Data in this exercise.

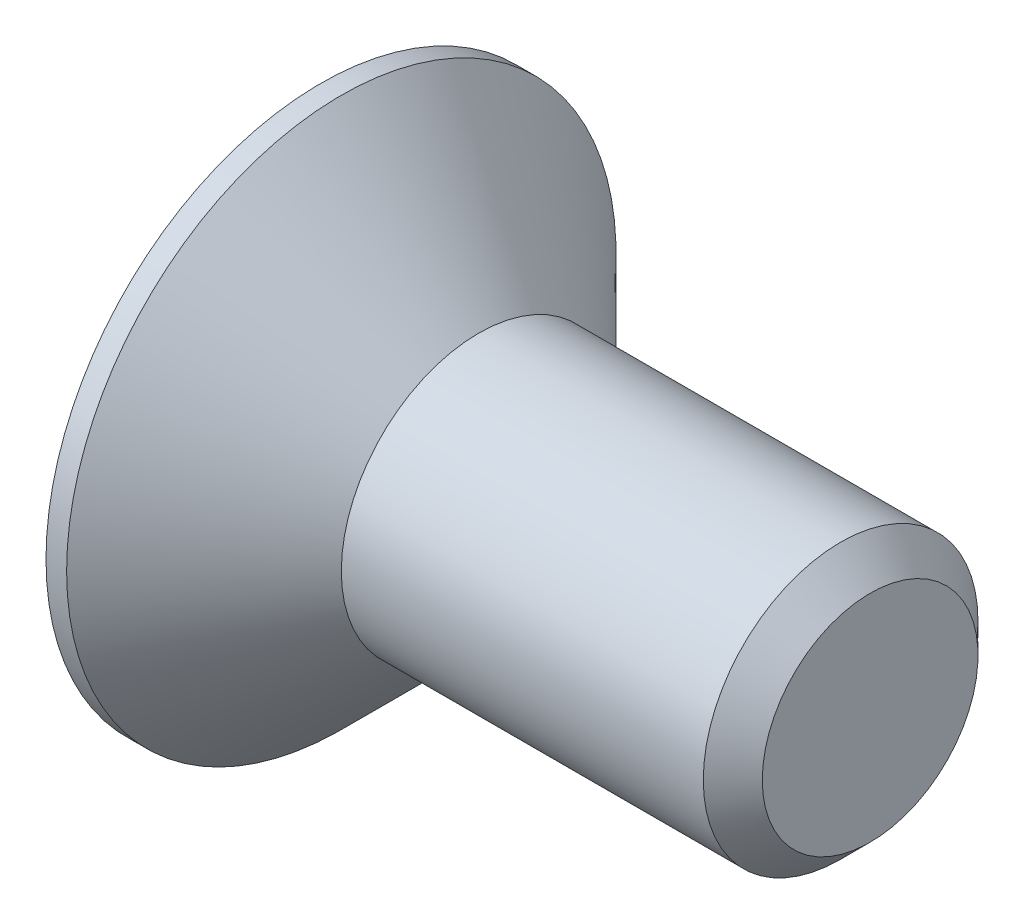
SolidWorks part; units mm, degrees
ref_plane "Płaszczyzna przednia" through (0, 0, 0) normal (0, 0, 1) x (1, 0, 0)
ref_plane "Płaszczyzna górna" through (0, 0, 0) normal (0, 1, 0) x (1, 0, 0)
ref_plane "Płaszczyzna prawa" through (0, 0, 0) normal (1, 0, 0) x (0, 0, -1)
sketch "Szkic1" plane through (0, 0, 0) normal (0, 0, 1) x (1, 0, 0)
  line L0 (0, 0) -> (0, 4)
  line L1 (0, 4) -> (0.3, 4)
  line L2 (0.3, 4) -> (2.3, 2)
  line L3 (2.3, 2) -> (2.3, 0)
  line L4 (2.3, 0) -> (0, 0)
  line L5 (2.3, 0) -> (0, 0) construction
revolve "Obrót1" add sketch "Szkic1" angle 360 about L5 reverse direction yes
sketch "Szkic2" plane through (0, 0, 0) normal (0, 0, 1) x (1, 0, 0)
  line L0 (2.3, 0) -> (2.3, 2)
  line L1 (2.3, 2) -> (7.5705, 2)
  line L2 (7.5705, 2) -> (8, 1.5705)
  line L3 (8, 1.5705) -> (8, 0)
  line L4 (8, 0) -> (2.3, 0)
  line L5 (8, 0) -> (2.3, 0) construction
revolve "Obrót2" add sketch "Szkic2" angle 360 about L5 reverse direction yes
cosmetic thread "Oznaczenie gwintu1" parameters "D1"=4.7, "D2"=3.141
sketch "Szkic3" plane through (0, 0, 0) normal (0, 0, 1) x (1, 0, 0)
  line L0 (0, 0) -> (0, 1.95)
  line L1 (0, 1.95) -> (1.5, 1.95)
  line L2 (1.5, 1.95) -> (2.6258, 0)
  line L3 (2.6258, 0) -> (0, 0)
  line L4 (2.6258, 0) -> (0, 0) construction
revolve "Wycięcie-obrót1" cut sketch "Szkic3" angle 360 about L4 reverse direction yes
sketch "Szkic4" plane through (0, 0, 0) normal (1, 0, 0) x (0, 0, -1)
  line L0 (-1.25, 0.7217) -> (-1.25, -0.7217)
  line L1 (-1.25, -0.7217) -> (0, -1.4434)
  line L2 (0, -1.4434) -> (1.25, -0.7217)
  line L3 (1.25, -0.7217) -> (1.25, 0.7217)
  line L4 (1.25, 0.7217) -> (0, 1.4434)
  line L5 (0, 1.4434) -> (-1.25, 0.7217)
  circle A0 centre (0, 0) radius 2.25
extrude "Dodanie-wyciągnięcie1" add sketch "Szkic4" along normal blind 1.875
ref_plane "Płaszczyzna1" through (2.3, 0, 0) normal (1, 0, 0) x (0, 0, -1)
ref_plane "Płaszczyzna2" through (8, 0, 0) normal (1, 0, 0) x (0, 0, -1)
ref_plane "IP1 XY" through (0, 0, 0) normal (1, 0, 0) x (0, 0, -1)
ref_plane "IP1 XZ" through (0, 0, 0) normal (0, -1, 0) x (-1, 0, 0)
ref_plane "IP1 YZ" through (0, 0, 0) normal (0, 0, -1) x (-1, 0, 0)
ref_axis "IP1 X" through (0, 0, 80.9) along (0, 0, -1)
ref_axis "IP1 Y" through (0, -50, 0) along (0, 1, 0)
ref_axis "IP1 Z" through (80.9, 0, 0) along (-1, 0, 0)
sketch3d "IP1"
  point P0 (0, 0, 0)
ref_plane "IP2 XY" through (2.3, 0, 0) normal (1, 0, 0) x (0, 0, -1)
ref_plane "IP2 XZ" through (0, 0, 0) normal (0, -1, 0) x (-1, 0, 0)
ref_plane "IP2 YZ" through (0, 0, 0) normal (0, 0, -1) x (-1, 0, 0)
ref_axis "IP2 X" through (2.3, 0, 80.9) along (0, 0, -1)
ref_axis "IP2 Y" through (2.3, -50, 0) along (0, 1, 0)
ref_axis "IP2 Z" through (80.9, 0, 0) along (-1, 0, 0)
sketch3d "IP2"
  point P0 (2.3, 0, 0)
ref_plane "IP3 XY" through (8, 0, 0) normal (1, 0, 0) x (0, 0, -1)
ref_plane "IP3 XZ" through (0, 0, 0) normal (0, -1, 0) x (-1, 0, 0)
ref_plane "IP3 YZ" through (0, 0, 0) normal (0, 0, -1) x (-1, 0, 0)
ref_axis "IP3 X" through (8, 0, 80.9) along (0, 0, -1)
ref_axis "IP3 Y" through (8, -50, 0) along (0, 1, 0)
ref_axis "IP3 Z" through (80.9, 0, 0) along (-1, 0, 0)
sketch3d "IP3"
  point P0 (8, 0, 0)
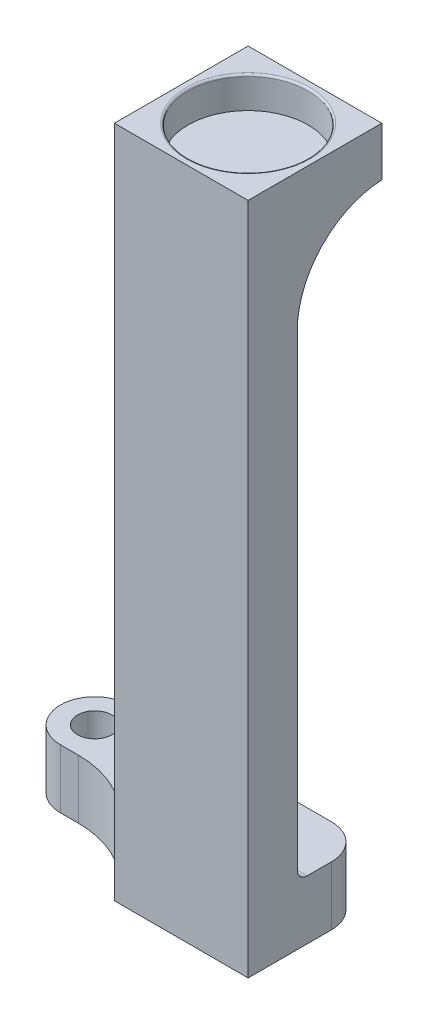
SolidWorks part; units mm, degrees
ref_plane "Front Plane" through (0, 0, 0) normal (0, 0, 1) x (1, 0, 0)
ref_plane "Top Plane" through (0, 0, 0) normal (0, 1, 0) x (1, 0, 0)
ref_plane "Right Plane" through (0, 0, 0) normal (1, 0, 0) x (0, 0, -1)
sketch "Sketch1" plane through (0, 0, 0) normal (0, 1, 0) x (1, 0, 0)
  line L1 (-6.8, 6.8) -> (6.8, 6.8)
  line L2 (-6.8, 6.8) -> (-6.8, -6.8)
  line L3 (-6.8, -6.8) -> (6.8, -6.8)
  line L4 (6.8, 6.8) -> (6.8, -6.8)
  line L5 (-6.8, 6.8) -> (6.8, -6.8) construction
  line L6 (-6.8, -6.8) -> (6.8, 6.8) construction
  point P0 (0, 0)
  dimension "D1" = 13.6
  dimension "D2" = 13.6
extrude "Boss-Extrude1" add sketch "Sketch1" along normal blind 5
sketch "Sketch2" plane through (0, 5, 0) normal (0, 1, 0) x (1, 0, 0)
  circle A0 centre (0, 0) radius 6.1
  dimension "D1" = 12.2
extrude "Cut-Extrude1" cut sketch "Sketch2" against normal blind 3.2
sketch "Sketch3" plane through (0, 0, 0) normal (0, -1, 0) x (1, 0, 0)
  line L0 (6.8, 6.8) -> (6.8, -6.8) construction
  line L1 (-6.8, 6.8) -> (6.8, 6.8)
  line L2 (-6.8, 6.8) -> (-6.8, 1.8)
  line L3 (-6.8, 1.8) -> (6.8, 1.8)
  line L4 (6.8, 6.8) -> (6.8, 1.8)
  dimension "D1" = 5
extrude "Boss-Extrude2" add sketch "Sketch3" along normal blind 63.5
sketch "Sketch4" plane through (0, 1.8, 0) normal (0, 1, 0) x (1, 0, 0)
  point P0 (0, 0)
fillet "Fillet1" radius 0.2 1 edges at (0, 5, 6.1)
fillet "Fillet2" radius 9 1 edges at (0, 0, 1.8)
sketch "Sketch10" plane through (0, 0, 1.8) normal (0, 0, -1) x (-1, 0, 0)
  line L1 (-6.8, -63.5) -> (20.8, -63.5)
  line L2 (-6.8, -63.5) -> (-6.8, -57.5)
  line L3 (-6.8, -57.5) -> (20.8, -57.5)
  line L4 (20.8, -63.5) -> (20.8, -57.5)
  dimension "D1" = 6
  dimension "D2" = 27.6
extrude "Boss-Extrude5" add sketch "Sketch10" along normal blind 7
sketch "Sketch11" plane through (0, -57.5, 0) normal (0, 1, 0) x (1, 0, 0)
  line L0 (-6.8, -1.8) -> (-6.8, 5.2) construction
  line L1 (-20.8, 5.2) -> (6.8, 5.2) construction
  line L2 (-6.8, 1.7) -> (-10.3, 1.7) construction
  line L3 (-10.3, 1.7) -> (-13.8, 1.7) construction
  line L4 (-17.3, 1.7) -> (-20.8, 1.7) construction
  line L5 (-20.8, 5.2) -> (-20.8, -1.8) construction
  line L6 (-13.8, 1.7) -> (-17.3, 1.7) construction
  circle A0 centre (-10.3, 1.7) radius 1.75
  circle A1 centre (-17.3, 1.7) radius 1.75
  dimension "D1" = 3.5
  dimension "D2" = 3.5
extrude "Cut-Extrude4" cut sketch "Sketch11" against normal through all
sketch "Sketch12" plane through (0, -57.5, 0) normal (0, 1, 0) x (1, 0, 0)
  line L0 (-10.3, 3.45) -> (-10.3, -0.05)
  circle A0 centre (-10.3, 1.7) radius 1.75
  point P4 (-10.3, 1.7)
  point P6 (0, 0)
fillet "Fillet3" radius 10 1 edges at (-6.8, -60.5, 1.8)
fillet "Fillet4" radius 3.5 3 edges at (-20.8, -60.5, 1.8) (-20.8, -60.5, -5.2) (6.8, -60.5, -5.2)
fillet "Fillet5" radius 1 2 edges at (-6.8, -57.5, 4.3) (0, -57.5, 1.8)
mirror "Mirror1" [suppressed] of bodies 109
delete or keep bodies "Body-Delete/Keep 1" [suppressed] type delete bodies bodies 109

The task. Repeat exactly the lines of the listing above, from the one with "line L4 (6.8, 6.8) -> (6.8, -6.8)" down to the one with "line L4 (-17.3, 1.7)"; both of those lines belong in the range.

Expected answer.
  line L4 (6.8, 6.8) -> (6.8, -6.8)
  line L5 (-6.8, 6.8) -> (6.8, -6.8) construction
  line L6 (-6.8, -6.8) -> (6.8, 6.8) construction
  point P0 (0, 0)
  dimension "D1" = 13.6
  dimension "D2" = 13.6
extrude "Boss-Extrude1" add sketch "Sketch1" along normal blind 5
sketch "Sketch2" plane through (0, 5, 0) normal (0, 1, 0) x (1, 0, 0)
  circle A0 centre (0, 0) radius 6.1
  dimension "D1" = 12.2
extrude "Cut-Extrude1" cut sketch "Sketch2" against normal blind 3.2
sketch "Sketch3" plane through (0, 0, 0) normal (0, -1, 0) x (1, 0, 0)
  line L0 (6.8, 6.8) -> (6.8, -6.8) construction
  line L1 (-6.8, 6.8) -> (6.8, 6.8)
  line L2 (-6.8, 6.8) -> (-6.8, 1.8)
  line L3 (-6.8, 1.8) -> (6.8, 1.8)
  line L4 (6.8, 6.8) -> (6.8, 1.8)
  dimension "D1" = 5
extrude "Boss-Extrude2" add sketch "Sketch3" along normal blind 63.5
sketch "Sketch4" plane through (0, 1.8, 0) normal (0, 1, 0) x (1, 0, 0)
  point P0 (0, 0)
fillet "Fillet1" radius 0.2 1 edges at (0, 5, 6.1)
fillet "Fillet2" radius 9 1 edges at (0, 0, 1.8)
sketch "Sketch10" plane through (0, 0, 1.8) normal (0, 0, -1) x (-1, 0, 0)
  line L1 (-6.8, -63.5) -> (20.8, -63.5)
  line L2 (-6.8, -63.5) -> (-6.8, -57.5)
  line L3 (-6.8, -57.5) -> (20.8, -57.5)
  line L4 (20.8, -63.5) -> (20.8, -57.5)
  dimension "D1" = 6
  dimension "D2" = 27.6
extrude "Boss-Extrude5" add sketch "Sketch10" along normal blind 7
sketch "Sketch11" plane through (0, -57.5, 0) normal (0, 1, 0) x (1, 0, 0)
  line L0 (-6.8, -1.8) -> (-6.8, 5.2) construction
  line L1 (-20.8, 5.2) -> (6.8, 5.2) construction
  line L2 (-6.8, 1.7) -> (-10.3, 1.7) construction
  line L3 (-10.3, 1.7) -> (-13.8, 1.7) construction
  line L4 (-17.3, 1.7) -> (-20.8, 1.7) construction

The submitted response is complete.